One of the age old arguments in home theater has to be Dolby Digital versus DTS for surround sound. You’ll hear a wide range of reasons why one may be better than the other or why one might be better than the other, but it’s really much simpler than might’s and maybes. This is a case of the “bigger” technology not necessarily being the better technology.
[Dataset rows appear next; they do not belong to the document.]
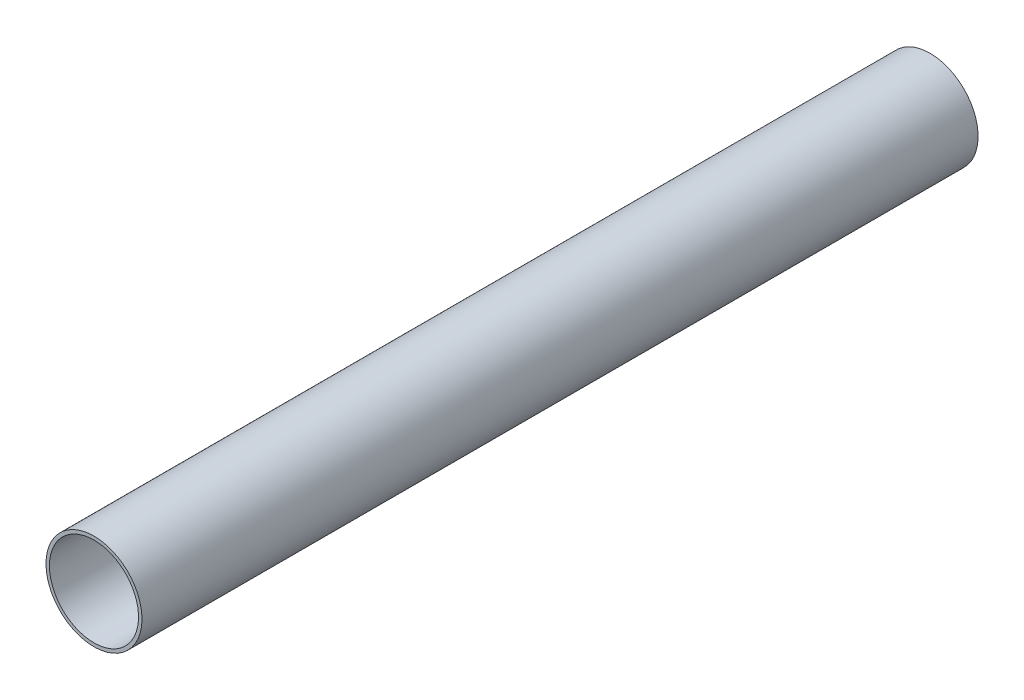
from build123d import *

# Parameters (mm, degrees)
ESQUISSE1_R        = 14
ESQUISSE1_R_2      = 13
EXTRU_MINCE1_DEPTH = 244


with BuildPart() as part:
    # Esquisse1 → Extru.-Mince1 (new body)
    with BuildSketch(Plane.XY):
        with Locations((0, -2.123583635)):
            Circle(ESQUISSE1_R)
        with Locations((0, -2.123583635)):
            Circle(ESQUISSE1_R_2, mode=Mode.SUBTRACT)
    extrude(amount=EXTRU_MINCE1_DEPTH)


solid = part.part

Even though Dolby Digital processing is more familiar to the consumer at large, it’s actually DTS that holds the slight (depending on how you look at things) edge in overall sound quality. DTS uses less compression, roughly 1,536,000 bits per second versus Dolby Digitals 448,000 bits per second. Yes you’ll hear some say “but Dolby Digital has a more efficient encoding scheme, it doesn’t need as many bits to deliver the same quality of sound” or something along those lines. Simply put, it just doesn’t pan out that way in the real world,

More bits is more bits, efficiency is great but the data transfer rate can bottleneck performance just as fast as a low-bit encode. Now none of this is meant to paint Dolby Digital in a poor light, it’s a great codec and one that’s served us well, it and DTS however are bettered by PCM, TrueHD, DTS-HD and DTS-HD Master audio. So while this may be of interest to those of you with huge DVD collections, know that sun is already (albeit slowly) setting on both Dolby Digital and standard DTS in terms of overall performance.